Source records =
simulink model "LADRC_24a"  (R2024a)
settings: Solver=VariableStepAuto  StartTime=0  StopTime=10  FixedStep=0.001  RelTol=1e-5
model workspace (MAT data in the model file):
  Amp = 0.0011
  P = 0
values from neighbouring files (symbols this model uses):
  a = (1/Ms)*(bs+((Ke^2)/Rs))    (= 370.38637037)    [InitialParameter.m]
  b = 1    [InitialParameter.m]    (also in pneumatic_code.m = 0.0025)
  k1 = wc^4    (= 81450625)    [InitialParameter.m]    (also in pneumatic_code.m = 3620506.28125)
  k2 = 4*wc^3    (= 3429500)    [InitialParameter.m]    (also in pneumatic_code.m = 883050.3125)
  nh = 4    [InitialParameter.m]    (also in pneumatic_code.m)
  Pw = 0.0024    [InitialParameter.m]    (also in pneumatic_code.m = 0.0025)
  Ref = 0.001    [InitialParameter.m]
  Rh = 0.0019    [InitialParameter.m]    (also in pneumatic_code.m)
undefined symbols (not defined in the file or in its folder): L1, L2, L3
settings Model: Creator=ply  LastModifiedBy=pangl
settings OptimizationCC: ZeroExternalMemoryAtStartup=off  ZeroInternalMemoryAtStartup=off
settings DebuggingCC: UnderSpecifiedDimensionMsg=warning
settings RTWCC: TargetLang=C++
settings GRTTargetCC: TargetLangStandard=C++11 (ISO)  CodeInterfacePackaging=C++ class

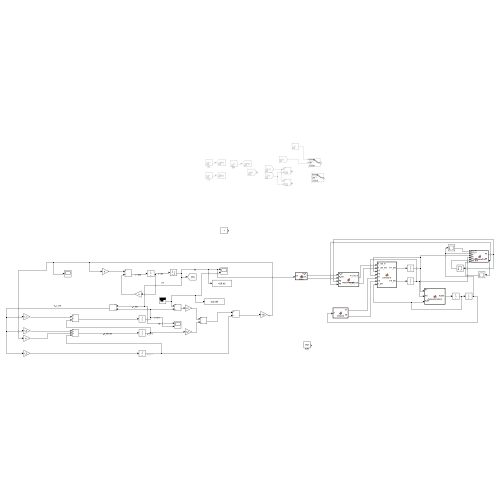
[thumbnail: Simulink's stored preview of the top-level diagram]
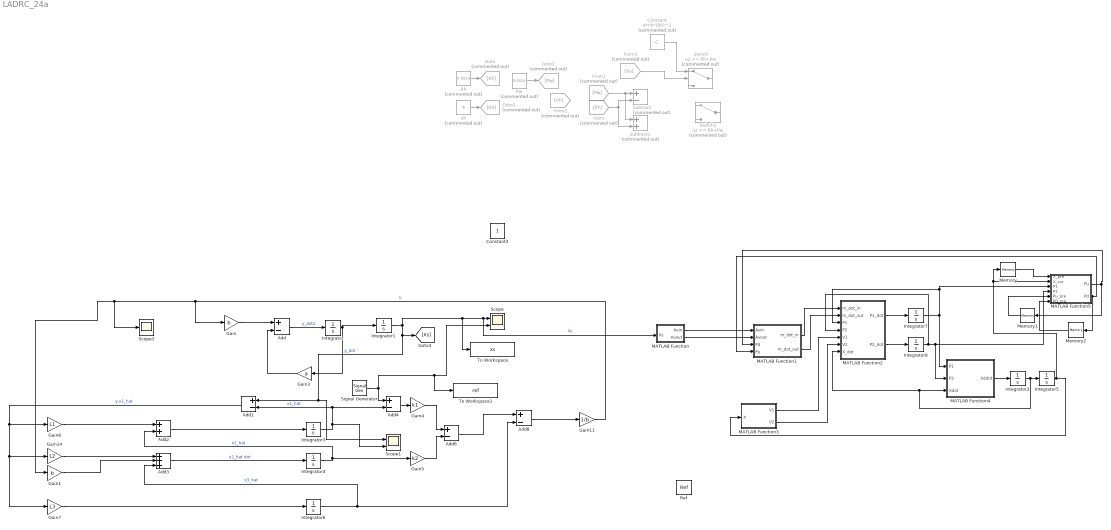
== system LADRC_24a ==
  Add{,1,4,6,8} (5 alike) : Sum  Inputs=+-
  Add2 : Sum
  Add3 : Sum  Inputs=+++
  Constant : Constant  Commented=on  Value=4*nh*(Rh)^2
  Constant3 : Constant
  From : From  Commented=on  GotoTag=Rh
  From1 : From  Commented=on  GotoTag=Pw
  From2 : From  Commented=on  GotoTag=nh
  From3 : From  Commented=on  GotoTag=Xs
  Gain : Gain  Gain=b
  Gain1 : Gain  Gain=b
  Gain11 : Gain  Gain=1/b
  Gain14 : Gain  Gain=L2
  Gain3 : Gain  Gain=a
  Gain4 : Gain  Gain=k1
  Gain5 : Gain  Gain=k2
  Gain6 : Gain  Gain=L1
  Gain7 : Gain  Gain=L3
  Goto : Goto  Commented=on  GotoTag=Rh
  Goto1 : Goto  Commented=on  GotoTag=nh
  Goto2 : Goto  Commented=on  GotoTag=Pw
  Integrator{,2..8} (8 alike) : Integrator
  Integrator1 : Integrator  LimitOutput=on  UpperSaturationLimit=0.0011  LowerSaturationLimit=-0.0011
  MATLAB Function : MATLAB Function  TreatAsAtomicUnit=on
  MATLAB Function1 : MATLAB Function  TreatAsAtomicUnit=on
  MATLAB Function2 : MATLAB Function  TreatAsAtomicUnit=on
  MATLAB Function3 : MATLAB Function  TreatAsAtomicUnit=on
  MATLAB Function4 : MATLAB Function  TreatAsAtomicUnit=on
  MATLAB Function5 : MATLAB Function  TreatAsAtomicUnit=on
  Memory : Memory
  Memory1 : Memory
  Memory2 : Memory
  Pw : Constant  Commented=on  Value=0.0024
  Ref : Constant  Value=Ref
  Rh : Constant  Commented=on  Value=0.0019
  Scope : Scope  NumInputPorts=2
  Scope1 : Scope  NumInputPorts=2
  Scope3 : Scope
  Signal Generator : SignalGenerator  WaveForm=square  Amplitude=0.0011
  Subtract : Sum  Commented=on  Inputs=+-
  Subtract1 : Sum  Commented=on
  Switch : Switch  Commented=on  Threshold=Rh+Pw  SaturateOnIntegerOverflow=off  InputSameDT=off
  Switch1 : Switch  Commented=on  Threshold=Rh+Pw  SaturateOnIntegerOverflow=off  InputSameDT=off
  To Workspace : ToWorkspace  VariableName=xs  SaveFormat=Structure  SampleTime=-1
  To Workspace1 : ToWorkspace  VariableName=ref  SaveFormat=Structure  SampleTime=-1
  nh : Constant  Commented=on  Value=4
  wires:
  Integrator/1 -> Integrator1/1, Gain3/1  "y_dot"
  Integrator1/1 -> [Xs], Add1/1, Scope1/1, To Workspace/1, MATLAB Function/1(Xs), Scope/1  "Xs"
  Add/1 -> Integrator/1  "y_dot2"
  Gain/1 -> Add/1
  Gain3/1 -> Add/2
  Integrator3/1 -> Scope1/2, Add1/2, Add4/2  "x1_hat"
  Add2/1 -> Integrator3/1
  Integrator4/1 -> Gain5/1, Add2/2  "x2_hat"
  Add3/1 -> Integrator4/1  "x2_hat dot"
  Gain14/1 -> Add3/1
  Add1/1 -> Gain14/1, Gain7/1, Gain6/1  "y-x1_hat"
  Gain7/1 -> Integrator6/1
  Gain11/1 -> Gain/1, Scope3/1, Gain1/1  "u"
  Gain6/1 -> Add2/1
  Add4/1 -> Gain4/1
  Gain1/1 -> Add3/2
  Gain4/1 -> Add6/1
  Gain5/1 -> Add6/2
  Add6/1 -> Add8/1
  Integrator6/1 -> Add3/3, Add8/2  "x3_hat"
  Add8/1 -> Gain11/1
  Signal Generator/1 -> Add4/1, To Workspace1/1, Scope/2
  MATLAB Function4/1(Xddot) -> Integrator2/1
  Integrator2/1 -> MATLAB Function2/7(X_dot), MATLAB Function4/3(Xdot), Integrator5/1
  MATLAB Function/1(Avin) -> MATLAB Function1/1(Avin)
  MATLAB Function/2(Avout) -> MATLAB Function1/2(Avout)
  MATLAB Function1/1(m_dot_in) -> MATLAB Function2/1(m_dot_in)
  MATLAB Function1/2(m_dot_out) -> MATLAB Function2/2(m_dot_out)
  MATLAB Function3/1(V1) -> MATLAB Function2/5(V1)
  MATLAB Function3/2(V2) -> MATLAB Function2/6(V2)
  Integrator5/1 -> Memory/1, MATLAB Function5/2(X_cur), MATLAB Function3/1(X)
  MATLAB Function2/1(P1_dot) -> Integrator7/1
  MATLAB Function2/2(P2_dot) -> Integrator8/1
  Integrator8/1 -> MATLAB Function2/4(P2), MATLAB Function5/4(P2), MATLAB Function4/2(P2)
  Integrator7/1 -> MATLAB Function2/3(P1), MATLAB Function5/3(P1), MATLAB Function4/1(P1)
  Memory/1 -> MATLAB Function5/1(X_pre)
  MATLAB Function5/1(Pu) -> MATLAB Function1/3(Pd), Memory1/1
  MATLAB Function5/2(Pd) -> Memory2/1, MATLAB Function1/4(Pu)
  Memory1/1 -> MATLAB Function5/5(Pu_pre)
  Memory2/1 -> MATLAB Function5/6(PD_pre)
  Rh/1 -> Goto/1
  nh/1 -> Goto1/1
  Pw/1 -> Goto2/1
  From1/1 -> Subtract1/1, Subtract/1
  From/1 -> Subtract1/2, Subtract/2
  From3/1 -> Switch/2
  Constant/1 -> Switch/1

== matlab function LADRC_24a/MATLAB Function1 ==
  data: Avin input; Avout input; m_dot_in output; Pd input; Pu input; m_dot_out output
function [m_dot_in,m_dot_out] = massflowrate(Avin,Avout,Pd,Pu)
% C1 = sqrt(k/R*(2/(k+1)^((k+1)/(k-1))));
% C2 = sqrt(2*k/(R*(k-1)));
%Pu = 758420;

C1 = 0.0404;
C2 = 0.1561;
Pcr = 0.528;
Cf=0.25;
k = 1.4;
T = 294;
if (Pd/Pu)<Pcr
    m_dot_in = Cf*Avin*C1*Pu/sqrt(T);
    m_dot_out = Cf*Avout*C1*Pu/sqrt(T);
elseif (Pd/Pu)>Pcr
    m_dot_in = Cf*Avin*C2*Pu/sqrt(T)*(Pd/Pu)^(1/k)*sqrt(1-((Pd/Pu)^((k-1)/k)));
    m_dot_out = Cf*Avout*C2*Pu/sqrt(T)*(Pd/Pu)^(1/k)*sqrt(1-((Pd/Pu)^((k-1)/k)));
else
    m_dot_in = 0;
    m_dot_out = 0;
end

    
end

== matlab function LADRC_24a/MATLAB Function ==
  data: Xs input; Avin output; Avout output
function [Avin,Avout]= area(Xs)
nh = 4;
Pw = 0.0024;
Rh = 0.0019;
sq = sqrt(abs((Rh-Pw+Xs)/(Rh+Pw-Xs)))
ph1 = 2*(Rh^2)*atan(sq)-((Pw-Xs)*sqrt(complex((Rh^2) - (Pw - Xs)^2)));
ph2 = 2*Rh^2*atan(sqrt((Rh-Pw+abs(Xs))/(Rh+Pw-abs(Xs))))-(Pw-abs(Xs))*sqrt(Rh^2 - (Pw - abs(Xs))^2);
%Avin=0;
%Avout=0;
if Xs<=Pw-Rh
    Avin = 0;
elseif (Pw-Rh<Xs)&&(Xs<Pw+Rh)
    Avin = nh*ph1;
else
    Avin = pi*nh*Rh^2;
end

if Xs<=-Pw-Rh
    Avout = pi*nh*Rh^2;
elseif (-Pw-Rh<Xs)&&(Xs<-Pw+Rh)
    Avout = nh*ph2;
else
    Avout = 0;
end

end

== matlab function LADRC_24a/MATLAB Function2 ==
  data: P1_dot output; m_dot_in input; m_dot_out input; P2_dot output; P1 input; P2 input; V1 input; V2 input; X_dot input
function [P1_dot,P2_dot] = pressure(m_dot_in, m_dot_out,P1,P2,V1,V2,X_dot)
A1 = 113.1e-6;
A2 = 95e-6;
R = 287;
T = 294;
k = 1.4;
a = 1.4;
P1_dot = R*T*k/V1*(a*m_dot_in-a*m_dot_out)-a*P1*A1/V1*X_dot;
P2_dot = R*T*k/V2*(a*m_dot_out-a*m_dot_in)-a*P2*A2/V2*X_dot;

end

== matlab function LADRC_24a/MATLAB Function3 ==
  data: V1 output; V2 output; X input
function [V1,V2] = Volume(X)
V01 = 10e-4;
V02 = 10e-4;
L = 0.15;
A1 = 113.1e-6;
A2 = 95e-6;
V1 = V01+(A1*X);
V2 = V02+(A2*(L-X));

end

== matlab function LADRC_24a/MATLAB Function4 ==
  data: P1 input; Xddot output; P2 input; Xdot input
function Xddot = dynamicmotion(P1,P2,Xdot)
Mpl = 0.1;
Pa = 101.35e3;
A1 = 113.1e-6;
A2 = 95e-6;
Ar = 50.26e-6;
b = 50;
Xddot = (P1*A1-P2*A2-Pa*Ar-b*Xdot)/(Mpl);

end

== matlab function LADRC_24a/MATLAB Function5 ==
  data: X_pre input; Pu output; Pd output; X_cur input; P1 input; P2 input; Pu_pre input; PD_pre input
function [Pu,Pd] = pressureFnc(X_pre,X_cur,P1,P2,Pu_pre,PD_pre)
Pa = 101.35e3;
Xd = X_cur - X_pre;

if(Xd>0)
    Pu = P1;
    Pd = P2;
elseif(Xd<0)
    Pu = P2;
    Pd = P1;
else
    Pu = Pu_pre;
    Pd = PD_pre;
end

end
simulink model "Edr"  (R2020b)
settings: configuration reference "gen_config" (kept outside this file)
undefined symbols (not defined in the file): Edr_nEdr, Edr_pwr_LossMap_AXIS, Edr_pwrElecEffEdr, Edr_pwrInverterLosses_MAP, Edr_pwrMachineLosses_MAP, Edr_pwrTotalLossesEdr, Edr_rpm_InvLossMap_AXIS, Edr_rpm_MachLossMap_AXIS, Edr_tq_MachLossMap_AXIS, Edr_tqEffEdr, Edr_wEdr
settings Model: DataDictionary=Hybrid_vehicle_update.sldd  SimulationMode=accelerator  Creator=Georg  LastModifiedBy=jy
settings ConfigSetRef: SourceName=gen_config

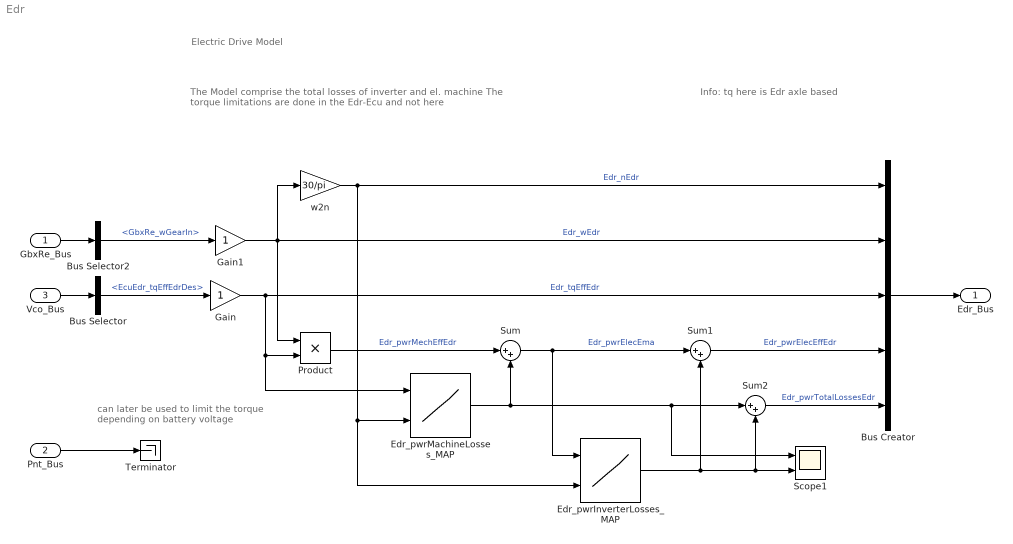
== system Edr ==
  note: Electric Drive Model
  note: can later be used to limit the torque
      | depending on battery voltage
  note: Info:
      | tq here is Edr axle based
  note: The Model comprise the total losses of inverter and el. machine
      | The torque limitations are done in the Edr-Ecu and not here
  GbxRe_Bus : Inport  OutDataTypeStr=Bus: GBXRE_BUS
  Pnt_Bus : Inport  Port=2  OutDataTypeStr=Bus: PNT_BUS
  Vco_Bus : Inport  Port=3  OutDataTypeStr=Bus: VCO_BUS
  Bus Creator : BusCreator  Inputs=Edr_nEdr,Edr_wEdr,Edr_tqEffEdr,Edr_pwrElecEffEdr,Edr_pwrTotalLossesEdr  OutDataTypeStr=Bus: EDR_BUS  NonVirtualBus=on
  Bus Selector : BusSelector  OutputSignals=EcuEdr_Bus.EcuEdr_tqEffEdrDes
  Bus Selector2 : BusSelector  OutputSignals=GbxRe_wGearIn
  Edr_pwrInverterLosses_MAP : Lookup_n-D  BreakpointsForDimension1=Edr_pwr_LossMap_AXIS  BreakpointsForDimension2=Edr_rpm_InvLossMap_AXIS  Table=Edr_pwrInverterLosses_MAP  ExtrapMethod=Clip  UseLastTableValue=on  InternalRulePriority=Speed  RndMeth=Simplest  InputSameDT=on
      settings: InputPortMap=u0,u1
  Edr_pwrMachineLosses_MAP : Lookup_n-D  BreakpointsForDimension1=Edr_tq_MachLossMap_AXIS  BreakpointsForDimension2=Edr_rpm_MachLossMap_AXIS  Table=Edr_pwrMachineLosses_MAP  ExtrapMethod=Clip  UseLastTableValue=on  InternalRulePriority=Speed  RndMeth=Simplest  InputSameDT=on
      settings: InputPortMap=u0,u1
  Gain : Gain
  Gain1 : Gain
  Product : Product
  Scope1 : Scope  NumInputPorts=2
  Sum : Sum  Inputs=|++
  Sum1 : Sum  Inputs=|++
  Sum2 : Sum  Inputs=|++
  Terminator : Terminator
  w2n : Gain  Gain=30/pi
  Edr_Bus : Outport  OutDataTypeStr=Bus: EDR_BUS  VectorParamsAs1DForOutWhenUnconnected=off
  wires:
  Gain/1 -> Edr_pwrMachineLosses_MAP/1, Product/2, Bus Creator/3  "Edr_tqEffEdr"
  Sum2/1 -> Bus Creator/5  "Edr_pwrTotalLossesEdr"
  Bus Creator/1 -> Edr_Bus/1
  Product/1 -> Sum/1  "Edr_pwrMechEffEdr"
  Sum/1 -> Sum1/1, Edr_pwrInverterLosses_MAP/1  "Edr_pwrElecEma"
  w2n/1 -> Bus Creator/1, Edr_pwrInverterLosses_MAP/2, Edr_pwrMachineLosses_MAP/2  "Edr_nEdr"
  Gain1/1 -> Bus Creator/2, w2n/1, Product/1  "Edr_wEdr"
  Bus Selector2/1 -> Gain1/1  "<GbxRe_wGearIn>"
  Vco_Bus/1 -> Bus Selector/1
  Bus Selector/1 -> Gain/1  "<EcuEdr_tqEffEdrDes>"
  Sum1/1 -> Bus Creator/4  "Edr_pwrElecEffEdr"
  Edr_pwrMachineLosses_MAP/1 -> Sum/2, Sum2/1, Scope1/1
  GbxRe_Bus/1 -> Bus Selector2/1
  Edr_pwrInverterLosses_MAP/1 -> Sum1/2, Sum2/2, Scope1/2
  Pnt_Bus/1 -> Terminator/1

How to complete this task = Please restate, word for word, the lines of the entries that run from the first line through the one holding "settings RTWCC: TargetLang=C++", and add nothing.

Solution to this problem =
simulink model "LADRC_24a"  (R2024a)
settings: Solver=VariableStepAuto  StartTime=0  StopTime=10  FixedStep=0.001  RelTol=1e-5
model workspace (MAT data in the model file):
  Amp = 0.0011
  P = 0
values from neighbouring files (symbols this model uses):
  a = (1/Ms)*(bs+((Ke^2)/Rs))    (= 370.38637037)    [InitialParameter.m]
  b = 1    [InitialParameter.m]    (also in pneumatic_code.m = 0.0025)
  k1 = wc^4    (= 81450625)    [InitialParameter.m]    (also in pneumatic_code.m = 3620506.28125)
  k2 = 4*wc^3    (= 3429500)    [InitialParameter.m]    (also in pneumatic_code.m = 883050.3125)
  nh = 4    [InitialParameter.m]    (also in pneumatic_code.m)
  Pw = 0.0024    [InitialParameter.m]    (also in pneumatic_code.m = 0.0025)
  Ref = 0.001    [InitialParameter.m]
  Rh = 0.0019    [InitialParameter.m]    (also in pneumatic_code.m)
undefined symbols (not defined in the file or in its folder): L1, L2, L3
settings Model: Creator=ply  LastModifiedBy=pangl
settings OptimizationCC: ZeroExternalMemoryAtStartup=off  ZeroInternalMemoryAtStartup=off
settings DebuggingCC: UnderSpecifiedDimensionMsg=warning
settings RTWCC: TargetLang=C++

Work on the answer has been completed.